(ASSIGNMENT) Return each line of the listing in which the word "CIRCLE" appears.

*** DATA FOR THIS TASK

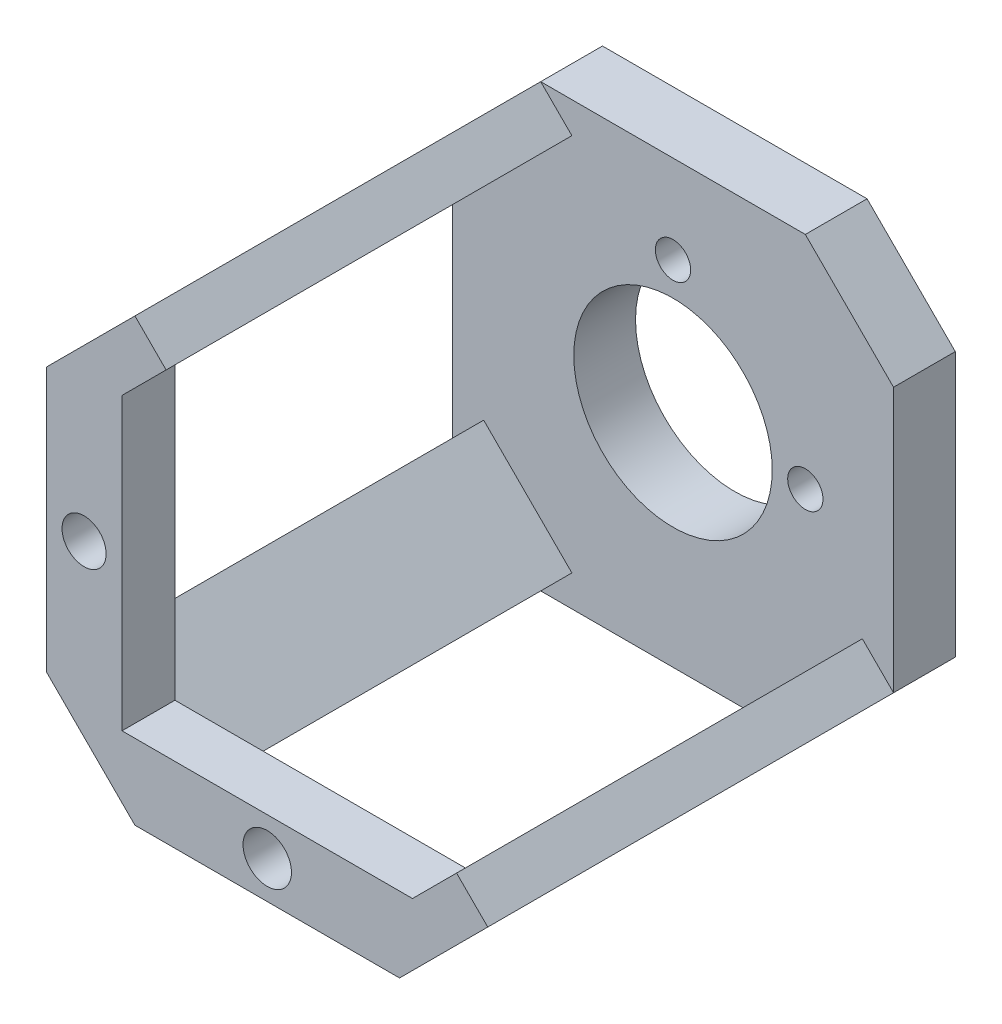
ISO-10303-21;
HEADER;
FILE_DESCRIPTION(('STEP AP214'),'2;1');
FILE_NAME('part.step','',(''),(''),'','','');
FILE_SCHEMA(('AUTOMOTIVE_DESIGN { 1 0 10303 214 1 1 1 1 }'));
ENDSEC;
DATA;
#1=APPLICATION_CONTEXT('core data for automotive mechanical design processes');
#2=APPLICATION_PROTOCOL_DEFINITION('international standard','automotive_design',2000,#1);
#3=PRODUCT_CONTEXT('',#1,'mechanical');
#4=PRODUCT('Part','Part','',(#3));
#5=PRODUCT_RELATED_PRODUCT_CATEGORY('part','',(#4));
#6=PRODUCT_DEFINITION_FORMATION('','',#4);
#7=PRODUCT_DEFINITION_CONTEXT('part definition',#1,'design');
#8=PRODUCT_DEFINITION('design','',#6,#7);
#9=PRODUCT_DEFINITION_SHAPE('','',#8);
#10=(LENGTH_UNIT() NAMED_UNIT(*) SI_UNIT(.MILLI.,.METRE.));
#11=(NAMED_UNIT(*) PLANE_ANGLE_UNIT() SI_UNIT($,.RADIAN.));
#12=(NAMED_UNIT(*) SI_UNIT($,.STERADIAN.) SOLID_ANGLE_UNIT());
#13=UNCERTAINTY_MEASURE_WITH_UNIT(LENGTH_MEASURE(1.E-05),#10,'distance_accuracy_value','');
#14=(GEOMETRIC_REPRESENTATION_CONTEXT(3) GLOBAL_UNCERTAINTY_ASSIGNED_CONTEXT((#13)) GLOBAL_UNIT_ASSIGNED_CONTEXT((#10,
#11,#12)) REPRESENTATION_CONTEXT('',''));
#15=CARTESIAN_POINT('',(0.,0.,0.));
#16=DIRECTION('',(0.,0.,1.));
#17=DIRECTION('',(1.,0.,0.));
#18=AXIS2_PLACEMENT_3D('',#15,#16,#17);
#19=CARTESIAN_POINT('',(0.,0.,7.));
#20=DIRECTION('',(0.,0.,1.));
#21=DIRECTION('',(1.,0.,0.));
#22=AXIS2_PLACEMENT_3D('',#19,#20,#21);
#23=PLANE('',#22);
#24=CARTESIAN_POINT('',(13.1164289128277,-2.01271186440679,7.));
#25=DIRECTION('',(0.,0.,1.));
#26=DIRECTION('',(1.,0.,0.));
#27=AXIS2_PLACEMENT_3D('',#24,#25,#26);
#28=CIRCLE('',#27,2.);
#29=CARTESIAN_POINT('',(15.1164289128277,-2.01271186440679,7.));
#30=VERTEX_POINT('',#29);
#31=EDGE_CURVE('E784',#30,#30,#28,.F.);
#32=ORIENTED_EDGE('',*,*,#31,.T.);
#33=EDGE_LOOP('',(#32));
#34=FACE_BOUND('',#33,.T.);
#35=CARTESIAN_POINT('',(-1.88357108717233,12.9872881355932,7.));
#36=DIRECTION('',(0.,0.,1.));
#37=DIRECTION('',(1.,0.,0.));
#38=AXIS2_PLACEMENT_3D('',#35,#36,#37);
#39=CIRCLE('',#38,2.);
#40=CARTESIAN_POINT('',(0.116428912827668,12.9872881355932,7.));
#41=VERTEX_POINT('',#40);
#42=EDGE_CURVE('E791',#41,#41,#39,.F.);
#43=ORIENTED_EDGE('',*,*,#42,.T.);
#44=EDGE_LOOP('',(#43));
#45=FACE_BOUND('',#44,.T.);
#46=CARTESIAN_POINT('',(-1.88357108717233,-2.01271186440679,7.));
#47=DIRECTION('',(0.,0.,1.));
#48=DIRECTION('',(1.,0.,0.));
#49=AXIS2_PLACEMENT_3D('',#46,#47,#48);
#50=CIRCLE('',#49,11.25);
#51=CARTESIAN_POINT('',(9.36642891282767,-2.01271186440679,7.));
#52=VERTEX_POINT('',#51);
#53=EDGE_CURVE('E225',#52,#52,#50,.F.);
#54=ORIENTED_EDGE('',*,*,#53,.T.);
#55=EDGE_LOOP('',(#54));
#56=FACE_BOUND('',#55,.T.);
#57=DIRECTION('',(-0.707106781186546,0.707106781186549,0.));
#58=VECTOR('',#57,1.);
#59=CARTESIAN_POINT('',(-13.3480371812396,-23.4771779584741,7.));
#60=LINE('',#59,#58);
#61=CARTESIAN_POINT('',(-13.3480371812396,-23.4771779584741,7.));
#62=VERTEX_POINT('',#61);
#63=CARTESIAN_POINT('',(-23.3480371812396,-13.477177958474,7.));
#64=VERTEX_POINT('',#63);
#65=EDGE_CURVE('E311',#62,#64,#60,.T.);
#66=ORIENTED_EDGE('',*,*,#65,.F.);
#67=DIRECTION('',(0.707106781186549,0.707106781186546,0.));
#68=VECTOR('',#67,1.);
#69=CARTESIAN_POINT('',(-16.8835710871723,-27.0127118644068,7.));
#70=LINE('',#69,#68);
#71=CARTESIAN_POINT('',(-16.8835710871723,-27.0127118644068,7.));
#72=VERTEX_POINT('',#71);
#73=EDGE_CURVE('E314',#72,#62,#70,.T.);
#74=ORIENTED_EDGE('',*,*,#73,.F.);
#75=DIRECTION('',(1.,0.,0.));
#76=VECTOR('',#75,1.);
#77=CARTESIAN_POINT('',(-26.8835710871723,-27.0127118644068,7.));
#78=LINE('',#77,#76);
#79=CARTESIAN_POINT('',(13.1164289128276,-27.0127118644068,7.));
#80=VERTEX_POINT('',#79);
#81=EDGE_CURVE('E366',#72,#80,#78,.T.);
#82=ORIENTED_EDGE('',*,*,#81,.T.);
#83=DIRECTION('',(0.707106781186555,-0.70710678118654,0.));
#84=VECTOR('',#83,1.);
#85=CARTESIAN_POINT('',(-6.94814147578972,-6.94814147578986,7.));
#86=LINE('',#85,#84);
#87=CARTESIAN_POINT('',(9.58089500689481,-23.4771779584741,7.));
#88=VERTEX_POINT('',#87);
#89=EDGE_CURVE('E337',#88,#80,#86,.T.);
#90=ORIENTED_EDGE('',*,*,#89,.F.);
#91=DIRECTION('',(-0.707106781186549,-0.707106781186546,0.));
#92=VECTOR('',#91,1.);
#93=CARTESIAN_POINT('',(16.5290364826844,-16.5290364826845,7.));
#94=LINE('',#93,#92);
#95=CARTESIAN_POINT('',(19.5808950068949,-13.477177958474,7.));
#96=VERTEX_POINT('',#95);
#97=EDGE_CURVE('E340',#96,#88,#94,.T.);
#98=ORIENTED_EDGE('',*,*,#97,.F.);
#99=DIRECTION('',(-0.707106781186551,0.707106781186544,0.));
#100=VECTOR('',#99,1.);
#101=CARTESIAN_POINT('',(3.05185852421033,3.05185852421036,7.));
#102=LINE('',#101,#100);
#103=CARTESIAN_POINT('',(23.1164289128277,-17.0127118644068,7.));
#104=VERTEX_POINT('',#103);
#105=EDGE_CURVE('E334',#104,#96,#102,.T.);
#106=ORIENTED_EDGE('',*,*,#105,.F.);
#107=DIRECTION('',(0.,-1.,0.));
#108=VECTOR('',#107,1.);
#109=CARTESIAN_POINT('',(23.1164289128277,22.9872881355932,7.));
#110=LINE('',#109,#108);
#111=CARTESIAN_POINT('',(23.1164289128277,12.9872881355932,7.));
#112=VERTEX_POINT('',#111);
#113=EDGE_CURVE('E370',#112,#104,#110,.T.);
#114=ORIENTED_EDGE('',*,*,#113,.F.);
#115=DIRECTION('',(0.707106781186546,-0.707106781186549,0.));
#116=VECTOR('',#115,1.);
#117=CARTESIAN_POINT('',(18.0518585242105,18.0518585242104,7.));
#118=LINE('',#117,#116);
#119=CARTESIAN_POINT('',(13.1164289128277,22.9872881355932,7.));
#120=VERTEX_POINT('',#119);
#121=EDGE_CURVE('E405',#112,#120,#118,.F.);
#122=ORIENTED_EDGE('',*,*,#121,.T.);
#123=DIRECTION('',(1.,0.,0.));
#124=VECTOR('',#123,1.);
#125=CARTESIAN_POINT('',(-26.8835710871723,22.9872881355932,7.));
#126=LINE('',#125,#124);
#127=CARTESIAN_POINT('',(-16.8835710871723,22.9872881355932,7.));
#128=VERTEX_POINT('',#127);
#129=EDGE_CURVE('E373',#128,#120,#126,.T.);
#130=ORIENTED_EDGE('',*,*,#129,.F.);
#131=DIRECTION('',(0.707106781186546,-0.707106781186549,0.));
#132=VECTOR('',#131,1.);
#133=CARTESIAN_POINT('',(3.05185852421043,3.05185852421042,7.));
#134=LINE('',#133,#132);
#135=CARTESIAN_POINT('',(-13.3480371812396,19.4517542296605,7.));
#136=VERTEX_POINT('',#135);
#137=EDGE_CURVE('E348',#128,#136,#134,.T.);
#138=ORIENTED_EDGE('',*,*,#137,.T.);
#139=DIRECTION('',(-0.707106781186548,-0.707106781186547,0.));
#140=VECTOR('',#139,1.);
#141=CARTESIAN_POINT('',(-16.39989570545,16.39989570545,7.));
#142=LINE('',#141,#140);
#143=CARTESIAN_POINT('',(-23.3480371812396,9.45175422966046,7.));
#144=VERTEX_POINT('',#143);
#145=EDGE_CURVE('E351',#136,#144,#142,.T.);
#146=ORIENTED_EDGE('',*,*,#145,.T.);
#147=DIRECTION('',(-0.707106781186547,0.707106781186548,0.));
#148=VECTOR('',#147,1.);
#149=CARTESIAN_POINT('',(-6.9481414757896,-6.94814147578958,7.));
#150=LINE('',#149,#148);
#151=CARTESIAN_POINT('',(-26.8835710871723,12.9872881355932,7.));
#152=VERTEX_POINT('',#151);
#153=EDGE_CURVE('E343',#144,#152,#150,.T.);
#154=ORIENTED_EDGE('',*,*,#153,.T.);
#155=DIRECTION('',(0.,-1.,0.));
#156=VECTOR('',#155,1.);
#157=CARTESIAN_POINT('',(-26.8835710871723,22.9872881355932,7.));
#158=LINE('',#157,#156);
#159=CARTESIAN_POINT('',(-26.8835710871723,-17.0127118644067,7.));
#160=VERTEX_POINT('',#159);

******

(EXERCISE ANSWER)
#28=CIRCLE('',#27,2.);
#39=CIRCLE('',#38,2.);
#50=CIRCLE('',#49,11.25);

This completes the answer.